Terra nullius
Très jeune déjà, Daniel Rooke préfère la compagnie des chiffres et des astres à celle de ses semblables.
Plutôt doué, il décide de devenir astronome. Hélas, le royaume de sa Majesté n'ayant pas de poste à lui proposer, il entre dans les Marine Forces et, jusqu'en 1781, s'en ira guerroyer outre-atlantique sur le Resolution où il se lie d'amitié avec le jeune, l'avenant et ambitieux Talbot Silk aussi à l'aise avec les mots que Rooke l'est avec les chiffres.
De retour en Angleterre, le voilà en 1786 en partance pour la Nouvelle-Galles du Sud sur un bateau convoyeur de prisonniers anglais. Rooke, recommandé par l'Astronome royal, est chargé d'observer l'éventuel retour d'une comète uniquement visible dans l'hémisphère sud . Silk, devenu entre temps capitaine-lieutenant, fait aussi parti du voyage.
"Comme un organe étranglé par un garrot, Rooke avait l'impression d'avoir été comprimé par toutes ces années de scolarité et de vie en mer. A présent, il pouvait enfin se dilater et combler l'espace qui lui convenait, quel qu'il fût. Dans ce lieu, avec ses pensées comme seule compagnie, il deviendrait la personne qu'il était vraiment, ni plus ni moins.
Lui-même. C'était un territoire aussi inexploré que celui où il se trouvait."
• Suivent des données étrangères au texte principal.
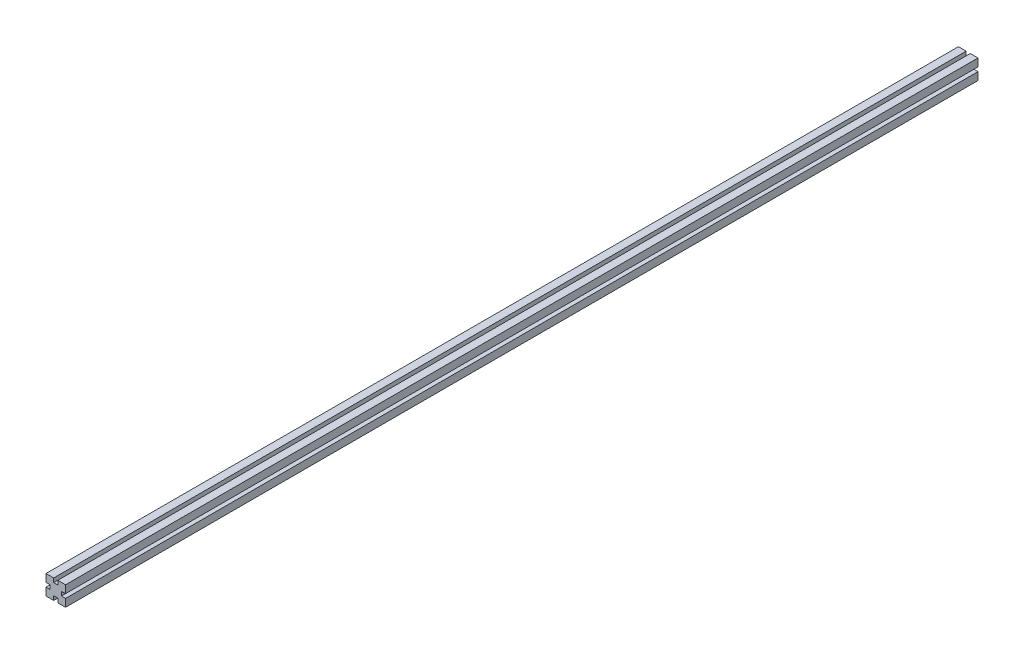
ISO-10303-21;
HEADER;
FILE_DESCRIPTION(('STEP AP214'),'2;1');
FILE_NAME('part.step','',(''),(''),'','','');
FILE_SCHEMA(('AUTOMOTIVE_DESIGN { 1 0 10303 214 1 1 1 1 }'));
ENDSEC;
DATA;
#1=APPLICATION_CONTEXT('core data for automotive mechanical design processes');
#2=APPLICATION_PROTOCOL_DEFINITION('international standard','automotive_design',2000,#1);
#3=PRODUCT_CONTEXT('',#1,'mechanical');
#4=PRODUCT('Part','Part','',(#3));
#5=PRODUCT_RELATED_PRODUCT_CATEGORY('part','',(#4));
#6=PRODUCT_DEFINITION_FORMATION('','',#4);
#7=PRODUCT_DEFINITION_CONTEXT('part definition',#1,'design');
#8=PRODUCT_DEFINITION('design','',#6,#7);
#9=PRODUCT_DEFINITION_SHAPE('','',#8);
#10=(LENGTH_UNIT() NAMED_UNIT(*) SI_UNIT(.MILLI.,.METRE.));
#11=(NAMED_UNIT(*) PLANE_ANGLE_UNIT() SI_UNIT($,.RADIAN.));
#12=(NAMED_UNIT(*) SI_UNIT($,.STERADIAN.) SOLID_ANGLE_UNIT());
#13=UNCERTAINTY_MEASURE_WITH_UNIT(LENGTH_MEASURE(1.E-05),#10,'distance_accuracy_value','');
#14=(GEOMETRIC_REPRESENTATION_CONTEXT(3) GLOBAL_UNCERTAINTY_ASSIGNED_CONTEXT((#13)) GLOBAL_UNIT_ASSIGNED_CONTEXT((#10,
#11,#12)) REPRESENTATION_CONTEXT('',''));
#15=CARTESIAN_POINT('',(0.,0.,0.));
#16=DIRECTION('',(0.,0.,1.));
#17=DIRECTION('',(1.,0.,0.));
#18=AXIS2_PLACEMENT_3D('',#15,#16,#17);
#19=CARTESIAN_POINT('',(-19.05,-4.,1778.));
#20=DIRECTION('',(1.,0.,0.));
#21=DIRECTION('',(0.,0.,-1.));
#22=AXIS2_PLACEMENT_3D('',#19,#20,#21);
#23=PLANE('',#22);
#24=DIRECTION('',(0.,-1.,0.));
#25=VECTOR('',#24,1.);
#26=CARTESIAN_POINT('',(-19.05,-4.,0.));
#27=LINE('',#26,#25);
#28=CARTESIAN_POINT('',(-19.05,-4.,0.));
#29=VERTEX_POINT('',#28);
#30=CARTESIAN_POINT('',(-19.05,-19.05,0.));
#31=VERTEX_POINT('',#30);
#32=EDGE_CURVE('E207',#29,#31,#27,.T.);
#33=ORIENTED_EDGE('',*,*,#32,.T.);
#34=DIRECTION('',(0.,0.,-1.));
#35=VECTOR('',#34,1.);
#36=CARTESIAN_POINT('',(-19.05,-19.05,1778.));
#37=LINE('',#36,#35);
#38=CARTESIAN_POINT('',(-19.05,-19.05,1778.));
#39=VERTEX_POINT('',#38);
#40=EDGE_CURVE('E11',#39,#31,#37,.T.);
#41=ORIENTED_EDGE('',*,*,#40,.F.);
#42=DIRECTION('',(0.,-1.,0.));
#43=VECTOR('',#42,1.);
#44=CARTESIAN_POINT('',(-19.05,-4.,1778.));
#45=LINE('',#44,#43);
#46=CARTESIAN_POINT('',(-19.05,-4.,1778.));
#47=VERTEX_POINT('',#46);
#48=EDGE_CURVE('E245',#47,#39,#45,.T.);
#49=ORIENTED_EDGE('',*,*,#48,.F.);
#50=DIRECTION('',(0.,0.,-1.));
#51=VECTOR('',#50,1.);
#52=CARTESIAN_POINT('',(-19.05,-4.,1778.));
#53=LINE('',#52,#51);
#54=EDGE_CURVE('E203',#47,#29,#53,.T.);
#55=ORIENTED_EDGE('',*,*,#54,.T.);
#56=EDGE_LOOP('',(#33,#41,#49,#55));
#57=FACE_BOUND('',#56,.T.);
#58=ADVANCED_FACE('F39',(#57),#23,.F.);
#59=CARTESIAN_POINT('',(-19.05,-19.05,1778.));
#60=DIRECTION('',(0.,1.,0.));
#61=DIRECTION('',(0.,0.,1.));
#62=AXIS2_PLACEMENT_3D('',#59,#60,#61);
#63=PLANE('',#62);
#64=DIRECTION('',(1.,0.,0.));
#65=VECTOR('',#64,1.);
#66=CARTESIAN_POINT('',(-19.05,-19.05,0.));
#67=LINE('',#66,#65);
#68=CARTESIAN_POINT('',(-4.,-19.05,0.));
#69=VERTEX_POINT('',#68);
#70=EDGE_CURVE('E210',#31,#69,#67,.T.);
#71=ORIENTED_EDGE('',*,*,#70,.T.);
#72=DIRECTION('',(0.,0.,-1.));
#73=VECTOR('',#72,1.);
#74=CARTESIAN_POINT('',(-4.,-19.05,1778.));
#75=LINE('',#74,#73);
#76=CARTESIAN_POINT('',(-4.,-19.05,1778.));
#77=VERTEX_POINT('',#76);
#78=EDGE_CURVE('E47',#77,#69,#75,.T.);
#79=ORIENTED_EDGE('',*,*,#78,.F.);
#80=DIRECTION('',(1.,0.,0.));
#81=VECTOR('',#80,1.);
#82=CARTESIAN_POINT('',(-19.05,-19.05,1778.));
#83=LINE('',#82,#81);
#84=EDGE_CURVE('E134',#39,#77,#83,.T.);
#85=ORIENTED_EDGE('',*,*,#84,.F.);
#86=ORIENTED_EDGE('',*,*,#40,.T.);
#87=EDGE_LOOP('',(#71,#79,#85,#86));
#88=FACE_BOUND('',#87,.T.);
#89=ADVANCED_FACE('F363',(#88),#63,.F.);
#90=CARTESIAN_POINT('',(-4.,-19.05,1778.));
#91=DIRECTION('',(-1.,0.,0.));
#92=DIRECTION('',(0.,0.,1.));
#93=AXIS2_PLACEMENT_3D('',#90,#91,#92);
#94=PLANE('',#93);
#95=DIRECTION('',(0.,1.,0.));
#96=VECTOR('',#95,1.);
#97=CARTESIAN_POINT('',(-4.,-19.05,0.));
#98=LINE('',#97,#96);
#99=CARTESIAN_POINT('',(-4.,-11.05,0.));
#100=VERTEX_POINT('',#99);
#101=EDGE_CURVE('E212',#69,#100,#98,.T.);
#102=ORIENTED_EDGE('',*,*,#101,.T.);
#103=DIRECTION('',(0.,0.,-1.));
#104=VECTOR('',#103,1.);
#105=CARTESIAN_POINT('',(-4.,-11.05,1778.));
#106=LINE('',#105,#104);
#107=CARTESIAN_POINT('',(-4.,-11.05,1778.));
#108=VERTEX_POINT('',#107);
#109=EDGE_CURVE('E288',#108,#100,#106,.T.);
#110=ORIENTED_EDGE('',*,*,#109,.F.);
#111=DIRECTION('',(0.,1.,0.));
#112=VECTOR('',#111,1.);
#113=CARTESIAN_POINT('',(-4.,-19.05,1778.));
#114=LINE('',#113,#112);
#115=EDGE_CURVE('E296',#77,#108,#114,.T.);
#116=ORIENTED_EDGE('',*,*,#115,.F.);
#117=ORIENTED_EDGE('',*,*,#78,.T.);
#118=EDGE_LOOP('',(#102,#110,#116,#117));
#119=FACE_BOUND('',#118,.T.);
#120=ADVANCED_FACE('F294',(#119),#94,.F.);
#121=CARTESIAN_POINT('',(-4.,-11.05,1778.));
#122=DIRECTION('',(0.,1.,0.));
#123=DIRECTION('',(0.,0.,1.));
#124=AXIS2_PLACEMENT_3D('',#121,#122,#123);
#125=PLANE('',#124);
#126=DIRECTION('',(1.,0.,0.));
#127=VECTOR('',#126,1.);
#128=CARTESIAN_POINT('',(-4.,-11.05,0.));
#129=LINE('',#128,#127);
#130=CARTESIAN_POINT('',(4.,-11.05,0.));
#131=VERTEX_POINT('',#130);
#132=EDGE_CURVE('E214',#100,#131,#129,.T.);
#133=ORIENTED_EDGE('',*,*,#132,.T.);
#134=DIRECTION('',(0.,0.,-1.));
#135=VECTOR('',#134,1.);
#136=CARTESIAN_POINT('',(4.,-11.05,1778.));
#137=LINE('',#136,#135);
#138=CARTESIAN_POINT('',(4.,-11.05,1778.));
#139=VERTEX_POINT('',#138);
#140=EDGE_CURVE('E285',#139,#131,#137,.T.);
#141=ORIENTED_EDGE('',*,*,#140,.F.);
#142=DIRECTION('',(1.,0.,0.));
#143=VECTOR('',#142,1.);
#144=CARTESIAN_POINT('',(-4.,-11.05,1778.));
#145=LINE('',#144,#143);
#146=EDGE_CURVE('E314',#108,#139,#145,.T.);
#147=ORIENTED_EDGE('',*,*,#146,.F.);
#148=ORIENTED_EDGE('',*,*,#109,.T.);
#149=EDGE_LOOP('',(#133,#141,#147,#148));
#150=FACE_BOUND('',#149,.T.);
#151=ADVANCED_FACE('F305',(#150),#125,.F.);
#152=CARTESIAN_POINT('',(4.,-11.05,1778.));
#153=DIRECTION('',(1.,0.,0.));
#154=DIRECTION('',(0.,0.,-1.));
#155=AXIS2_PLACEMENT_3D('',#152,#153,#154);
#156=PLANE('',#155);
#157=DIRECTION('',(0.,-1.,0.));
#158=VECTOR('',#157,1.);
#159=CARTESIAN_POINT('',(4.,-11.05,0.));
#160=LINE('',#159,#158);
#161=CARTESIAN_POINT('',(4.,-19.05,0.));
#162=VERTEX_POINT('',#161);
#163=EDGE_CURVE('E216',#131,#162,#160,.T.);
#164=ORIENTED_EDGE('',*,*,#163,.T.);
#165=DIRECTION('',(0.,0.,-1.));
#166=VECTOR('',#165,1.);
#167=CARTESIAN_POINT('',(4.,-19.05,1778.));
#168=LINE('',#167,#166);
#169=CARTESIAN_POINT('',(4.,-19.05,1778.));
#170=VERTEX_POINT('',#169);
#171=EDGE_CURVE('E282',#170,#162,#168,.T.);
#172=ORIENTED_EDGE('',*,*,#171,.F.);
#173=DIRECTION('',(0.,-1.,0.));
#174=VECTOR('',#173,1.);
#175=CARTESIAN_POINT('',(4.,-11.05,1778.));
#176=LINE('',#175,#174);
#177=EDGE_CURVE('E311',#139,#170,#176,.T.);
#178=ORIENTED_EDGE('',*,*,#177,.F.);
#179=ORIENTED_EDGE('',*,*,#140,.T.);
#180=EDGE_LOOP('',(#164,#172,#178,#179));
#181=FACE_BOUND('',#180,.T.);
#182=ADVANCED_FACE('F309',(#181),#156,.F.);
#183=CARTESIAN_POINT('',(4.,-19.05,1778.));
#184=DIRECTION('',(0.,1.,0.));
#185=DIRECTION('',(0.,0.,1.));
#186=AXIS2_PLACEMENT_3D('',#183,#184,#185);
#187=PLANE('',#186);
#188=DIRECTION('',(1.,0.,0.));
#189=VECTOR('',#188,1.);
#190=CARTESIAN_POINT('',(4.,-19.05,0.));
#191=LINE('',#190,#189);
#192=CARTESIAN_POINT('',(19.05,-19.05,0.));
#193=VERTEX_POINT('',#192);
#194=EDGE_CURVE('E218',#162,#193,#191,.T.);
#195=ORIENTED_EDGE('',*,*,#194,.T.);
#196=DIRECTION('',(0.,0.,-1.));
#197=VECTOR('',#196,1.);
#198=CARTESIAN_POINT('',(19.05,-19.05,1778.));
#199=LINE('',#198,#197);
#200=CARTESIAN_POINT('',(19.05,-19.05,1778.));
#201=VERTEX_POINT('',#200);
#202=EDGE_CURVE('E279',#201,#193,#199,.T.);
#203=ORIENTED_EDGE('',*,*,#202,.F.);
#204=DIRECTION('',(1.,0.,0.));
#205=VECTOR('',#204,1.);
#206=CARTESIAN_POINT('',(4.,-19.05,1778.));
#207=LINE('',#206,#205);
#208=EDGE_CURVE('E313',#170,#201,#207,.T.);
#209=ORIENTED_EDGE('',*,*,#208,.F.);
#210=ORIENTED_EDGE('',*,*,#171,.T.);
#211=EDGE_LOOP('',(#195,#203,#209,#210));
#212=FACE_BOUND('',#211,.T.);
#213=ADVANCED_FACE('F376',(#212),#187,.F.);
#214=CARTESIAN_POINT('',(19.05,-19.05,1778.));
#215=DIRECTION('',(-1.,0.,0.));
#216=DIRECTION('',(0.,0.,1.));
#217=AXIS2_PLACEMENT_3D('',#214,#215,#216);
#218=PLANE('',#217);
#219=DIRECTION('',(0.,1.,0.));
#220=VECTOR('',#219,1.);
#221=CARTESIAN_POINT('',(19.05,-19.05,0.));
#222=LINE('',#221,#220);
#223=CARTESIAN_POINT('',(19.05,-4.,0.));
#224=VERTEX_POINT('',#223);
#225=EDGE_CURVE('E220',#193,#224,#222,.T.);
#226=ORIENTED_EDGE('',*,*,#225,.T.);
#227=DIRECTION('',(0.,0.,-1.));
#228=VECTOR('',#227,1.);
#229=CARTESIAN_POINT('',(19.05,-4.,1778.));
#230=LINE('',#229,#228);
#231=CARTESIAN_POINT('',(19.05,-4.,1778.));
#232=VERTEX_POINT('',#231);
#233=EDGE_CURVE('E276',#232,#224,#230,.T.);
#234=ORIENTED_EDGE('',*,*,#233,.F.);
#235=DIRECTION('',(0.,1.,0.));
#236=VECTOR('',#235,1.);
#237=CARTESIAN_POINT('',(19.05,-19.05,1778.));
#238=LINE('',#237,#236);
#239=EDGE_CURVE('E316',#201,#232,#238,.T.);
#240=ORIENTED_EDGE('',*,*,#239,.F.);
#241=ORIENTED_EDGE('',*,*,#202,.T.);
#242=EDGE_LOOP('',(#226,#234,#240,#241));
#243=FACE_BOUND('',#242,.T.);
#244=ADVANCED_FACE('F379',(#243),#218,.F.);
#245=CARTESIAN_POINT('',(19.05,-4.,1778.));
#246=DIRECTION('',(0.,-1.,0.));
#247=DIRECTION('',(0.,0.,-1.));
#248=AXIS2_PLACEMENT_3D('',#245,#246,#247);
#249=PLANE('',#248);
#250=DIRECTION('',(-1.,0.,0.));
#251=VECTOR('',#250,1.);
#252=CARTESIAN_POINT('',(19.05,-4.,0.));
#253=LINE('',#252,#251);
#254=CARTESIAN_POINT('',(11.05,-4.,0.));
#255=VERTEX_POINT('',#254);
#256=EDGE_CURVE('E222',#224,#255,#253,.T.);
#257=ORIENTED_EDGE('',*,*,#256,.T.);
#258=DIRECTION('',(0.,0.,-1.));
#259=VECTOR('',#258,1.);
#260=CARTESIAN_POINT('',(11.05,-4.,1778.));
#261=LINE('',#260,#259);
#262=CARTESIAN_POINT('',(11.05,-4.,1778.));
#263=VERTEX_POINT('',#262);
#264=EDGE_CURVE('E273',#263,#255,#261,.T.);
#265=ORIENTED_EDGE('',*,*,#264,.F.);
#266=DIRECTION('',(-1.,0.,0.));
#267=VECTOR('',#266,1.);
#268=CARTESIAN_POINT('',(19.05,-4.,1778.));
#269=LINE('',#268,#267);
#270=EDGE_CURVE('E322',#232,#263,#269,.T.);
#271=ORIENTED_EDGE('',*,*,#270,.F.);
#272=ORIENTED_EDGE('',*,*,#233,.T.);
#273=EDGE_LOOP('',(#257,#265,#271,#272));
#274=FACE_BOUND('',#273,.T.);
#275=ADVANCED_FACE('F383',(#274),#249,.F.);
#276=CARTESIAN_POINT('',(11.05,-4.,1778.));
#277=DIRECTION('',(-1.,0.,0.));
#278=DIRECTION('',(0.,0.,1.));
#279=AXIS2_PLACEMENT_3D('',#276,#277,#278);
#280=PLANE('',#279);
#281=DIRECTION('',(0.,1.,0.));
#282=VECTOR('',#281,1.);
#283=CARTESIAN_POINT('',(11.05,-4.,0.));
#284=LINE('',#283,#282);
#285=CARTESIAN_POINT('',(11.05,4.,0.));
#286=VERTEX_POINT('',#285);
#287=EDGE_CURVE('E224',#255,#286,#284,.T.);
#288=ORIENTED_EDGE('',*,*,#287,.T.);
#289=DIRECTION('',(0.,0.,-1.));
#290=VECTOR('',#289,1.);
#291=CARTESIAN_POINT('',(11.05,4.,1778.));
#292=LINE('',#291,#290);
#293=CARTESIAN_POINT('',(11.05,4.,1778.));
#294=VERTEX_POINT('',#293);
#295=EDGE_CURVE('E270',#294,#286,#292,.T.);
#296=ORIENTED_EDGE('',*,*,#295,.F.);
#297=DIRECTION('',(0.,1.,0.));
#298=VECTOR('',#297,1.);
#299=CARTESIAN_POINT('',(11.05,-4.,1778.));
#300=LINE('',#299,#298);
#301=EDGE_CURVE('E324',#263,#294,#300,.T.);
#302=ORIENTED_EDGE('',*,*,#301,.F.);
#303=ORIENTED_EDGE('',*,*,#264,.T.);
#304=EDGE_LOOP('',(#288,#296,#302,#303));
#305=FACE_BOUND('',#304,.T.);
#306=ADVANCED_FACE('F387',(#305),#280,.F.);
#307=CARTESIAN_POINT('',(11.05,4.,1778.));
#308=DIRECTION('',(0.,1.,0.));
#309=DIRECTION('',(0.,0.,1.));
#310=AXIS2_PLACEMENT_3D('',#307,#308,#309);
#311=PLANE('',#310);
#312=DIRECTION('',(1.,0.,0.));
#313=VECTOR('',#312,1.);
#314=CARTESIAN_POINT('',(11.05,4.,0.));
#315=LINE('',#314,#313);
#316=CARTESIAN_POINT('',(19.05,4.,0.));
#317=VERTEX_POINT('',#316);
#318=EDGE_CURVE('E226',#286,#317,#315,.T.);
#319=ORIENTED_EDGE('',*,*,#318,.T.);
#320=DIRECTION('',(0.,0.,-1.));
#321=VECTOR('',#320,1.);
#322=CARTESIAN_POINT('',(19.05,4.,1778.));
#323=LINE('',#322,#321);
#324=CARTESIAN_POINT('',(19.05,4.,1778.));
#325=VERTEX_POINT('',#324);
#326=EDGE_CURVE('E267',#325,#317,#323,.T.);
#327=ORIENTED_EDGE('',*,*,#326,.F.);
#328=DIRECTION('',(1.,0.,0.));
#329=VECTOR('',#328,1.);
#330=CARTESIAN_POINT('',(11.05,4.,1778.));
#331=LINE('',#330,#329);
#332=EDGE_CURVE('E326',#294,#325,#331,.T.);
#333=ORIENTED_EDGE('',*,*,#332,.F.);
#334=ORIENTED_EDGE('',*,*,#295,.T.);
#335=EDGE_LOOP('',(#319,#327,#333,#334));
#336=FACE_BOUND('',#335,.T.);
#337=ADVANCED_FACE('F391',(#336),#311,.F.);
#338=CARTESIAN_POINT('',(19.05,4.,1778.));
#339=DIRECTION('',(-1.,0.,0.));
#340=DIRECTION('',(0.,0.,1.));
#341=AXIS2_PLACEMENT_3D('',#338,#339,#340);
#342=PLANE('',#341);
#343=DIRECTION('',(0.,1.,0.));
#344=VECTOR('',#343,1.);
#345=CARTESIAN_POINT('',(19.05,4.,0.));
#346=LINE('',#345,#344);
#347=CARTESIAN_POINT('',(19.05,19.05,0.));
#348=VERTEX_POINT('',#347);
#349=EDGE_CURVE('E228',#317,#348,#346,.T.);
#350=ORIENTED_EDGE('',*,*,#349,.T.);
#351=DIRECTION('',(0.,0.,-1.));
#352=VECTOR('',#351,1.);
#353=CARTESIAN_POINT('',(19.05,19.05,1778.));
#354=LINE('',#353,#352);
#355=CARTESIAN_POINT('',(19.05,19.05,1778.));
#356=VERTEX_POINT('',#355);
#357=EDGE_CURVE('E264',#356,#348,#354,.T.);
#358=ORIENTED_EDGE('',*,*,#357,.F.);
#359=DIRECTION('',(0.,1.,0.));
#360=VECTOR('',#359,1.);
#361=CARTESIAN_POINT('',(19.05,4.,1778.));
#362=LINE('',#361,#360);
#363=EDGE_CURVE('E328',#325,#356,#362,.T.);
#364=ORIENTED_EDGE('',*,*,#363,.F.);
#365=ORIENTED_EDGE('',*,*,#326,.T.);
#366=EDGE_LOOP('',(#350,#358,#364,#365));
#367=FACE_BOUND('',#366,.T.);
#368=ADVANCED_FACE('F395',(#367),#342,.F.);
#369=CARTESIAN_POINT('',(19.05,19.05,1778.));
#370=DIRECTION('',(0.,-1.,0.));
#371=DIRECTION('',(0.,0.,-1.));
#372=AXIS2_PLACEMENT_3D('',#369,#370,#371);
#373=PLANE('',#372);
#374=DIRECTION('',(-1.,0.,0.));
#375=VECTOR('',#374,1.);
#376=CARTESIAN_POINT('',(19.05,19.05,0.));
#377=LINE('',#376,#375);
#378=CARTESIAN_POINT('',(4.,19.05,0.));
#379=VERTEX_POINT('',#378);
#380=EDGE_CURVE('E230',#348,#379,#377,.T.);
#381=ORIENTED_EDGE('',*,*,#380,.T.);
#382=DIRECTION('',(0.,0.,-1.));
#383=VECTOR('',#382,1.);
#384=CARTESIAN_POINT('',(4.,19.05,1778.));
#385=LINE('',#384,#383);
#386=CARTESIAN_POINT('',(4.,19.05,1778.));
#387=VERTEX_POINT('',#386);
#388=EDGE_CURVE('E261',#387,#379,#385,.T.);
#389=ORIENTED_EDGE('',*,*,#388,.F.);
#390=DIRECTION('',(-1.,0.,0.));
#391=VECTOR('',#390,1.);
#392=CARTESIAN_POINT('',(19.05,19.05,1778.));
#393=LINE('',#392,#391);
#394=EDGE_CURVE('E330',#356,#387,#393,.T.);
#395=ORIENTED_EDGE('',*,*,#394,.F.);
#396=ORIENTED_EDGE('',*,*,#357,.T.);
#397=EDGE_LOOP('',(#381,#389,#395,#396));
#398=FACE_BOUND('',#397,.T.);
#399=ADVANCED_FACE('F399',(#398),#373,.F.);
#400=CARTESIAN_POINT('',(4.,19.05,1778.));
#401=DIRECTION('',(1.,0.,0.));
#402=DIRECTION('',(0.,0.,-1.));
#403=AXIS2_PLACEMENT_3D('',#400,#401,#402);
#404=PLANE('',#403);
#405=DIRECTION('',(0.,-1.,0.));
#406=VECTOR('',#405,1.);
#407=CARTESIAN_POINT('',(4.,19.05,0.));
#408=LINE('',#407,#406);
#409=CARTESIAN_POINT('',(4.,11.05,0.));
#410=VERTEX_POINT('',#409);
#411=EDGE_CURVE('E232',#379,#410,#408,.T.);
#412=ORIENTED_EDGE('',*,*,#411,.T.);
#413=DIRECTION('',(0.,0.,-1.));
#414=VECTOR('',#413,1.);
#415=CARTESIAN_POINT('',(4.,11.05,1778.));
#416=LINE('',#415,#414);
#417=CARTESIAN_POINT('',(4.,11.05,1778.));
#418=VERTEX_POINT('',#417);
#419=EDGE_CURVE('E258',#418,#410,#416,.T.);
#420=ORIENTED_EDGE('',*,*,#419,.F.);
#421=DIRECTION('',(0.,-1.,0.));
#422=VECTOR('',#421,1.);
#423=CARTESIAN_POINT('',(4.,19.05,1778.));
#424=LINE('',#423,#422);
#425=EDGE_CURVE('E332',#387,#418,#424,.T.);
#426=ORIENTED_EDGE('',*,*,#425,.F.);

Effectivement, retranché dans son observatoire, une hutte sommaire à l'écart du reste des soldats et des prisonniers, Rooke a enfin trouvé sa place. Si la population locale, "les naturels" comme les nomment les Anglais, se montre dans un premier temps distante et observatrice, elle se voit bientôt contrainte d'entrer en contact avec les sujets de sa Majesté. De son côté, Rooke ne tarde pas à attiser la curiosité d'un groupe de femmes et d'enfants avec lesquels il entreprend de communiquer malgré la barrière de la langue. Fascination mutuelle, étrange étranger l'un pour l'autre, Rooke et une fillette nommée Tagaran se nouent d'amitié, chacun partant explorer le monde et le langage de l'autre.
"Le voyage de découverte dans lequel il venait de se lancer était d'une importance comparable, un voyage qui ne se contentait pas d'explorer la langue d'une race jusque-là inconnue, mais qui allait à l'intérieur du cosmos qu'ils habitaient : l'organisation de leur société, les dieux qu'ils vénéraient, leurs pensées et espoirs, leurs craintes et passions."
Transporté par l'enthousiasme de ces échanges, Rooke en oublierait presqu'il porte un uniforme, jusqu'au jour où un événement lui rappelle qu'un soldat se doit d'obéir aveuglément aux ordres.
Que voilà un roman original ! Comme on voudrait qu'il dure encore un peu ! J'ai même été jusqu'à imaginer une suite, hautement improbable, où fusionneraient Daniel Rooke et Narcisse Pelletier (croisé ICI) ! Et avec quel talent son auteur nous dépeint l'évolution de ce petit lieutenant devenu grand ! Lui, le timide et le maladroit qui ne trouve pas les mots, le solitaire enfermé dans sa tour d'ivoire pour mieux se protéger de l'ombre de ses pairs, lui qui jusqu'alors se suffisait à lui-même, le voilà soudain pris d'un frénétique désir des autres, ces autres si semblables et si différents à la fois, le voilà heureux de constater que toutes les faiblesses qui l'éloignaient des ses congénères deviennent une force irrésistible qui le pousse enfin vers autrui. Et si, sous l'influence de son ami Silk, la fugace tentation de tirer gloriole d'être le premier déchiffreur d'une langue inconnue l'effleure un instant, il comprendra rapidement que la finalité de cette entreprise est ailleurs, bien au-delà des mots.
Mêlant adroitement fiction et réalité, l'auteur nous offre un bien beau dépaysement littéraire et une habile réflexion romanesque autour des notions d'identité, d'altérité et d'intégrité, le tout servi dans une langue non dénuée de poésie. Une simple mais attachante histoire, celle d'une naissance d'un homme à lui-même ! A savourer, vraiment.
"Il n'y avait pas de débat possible avec les étoiles. Elles n'avaient que faire de la logique. Elles étaient merveilleusement indifférentes au dilemme du lieutenant Daniel Rooke, cette poussière de conscience. Sous la lumière éternelle des cieux, son scintillement de vie n'était pas plus important que les étincelles qui s'échappaient du feu."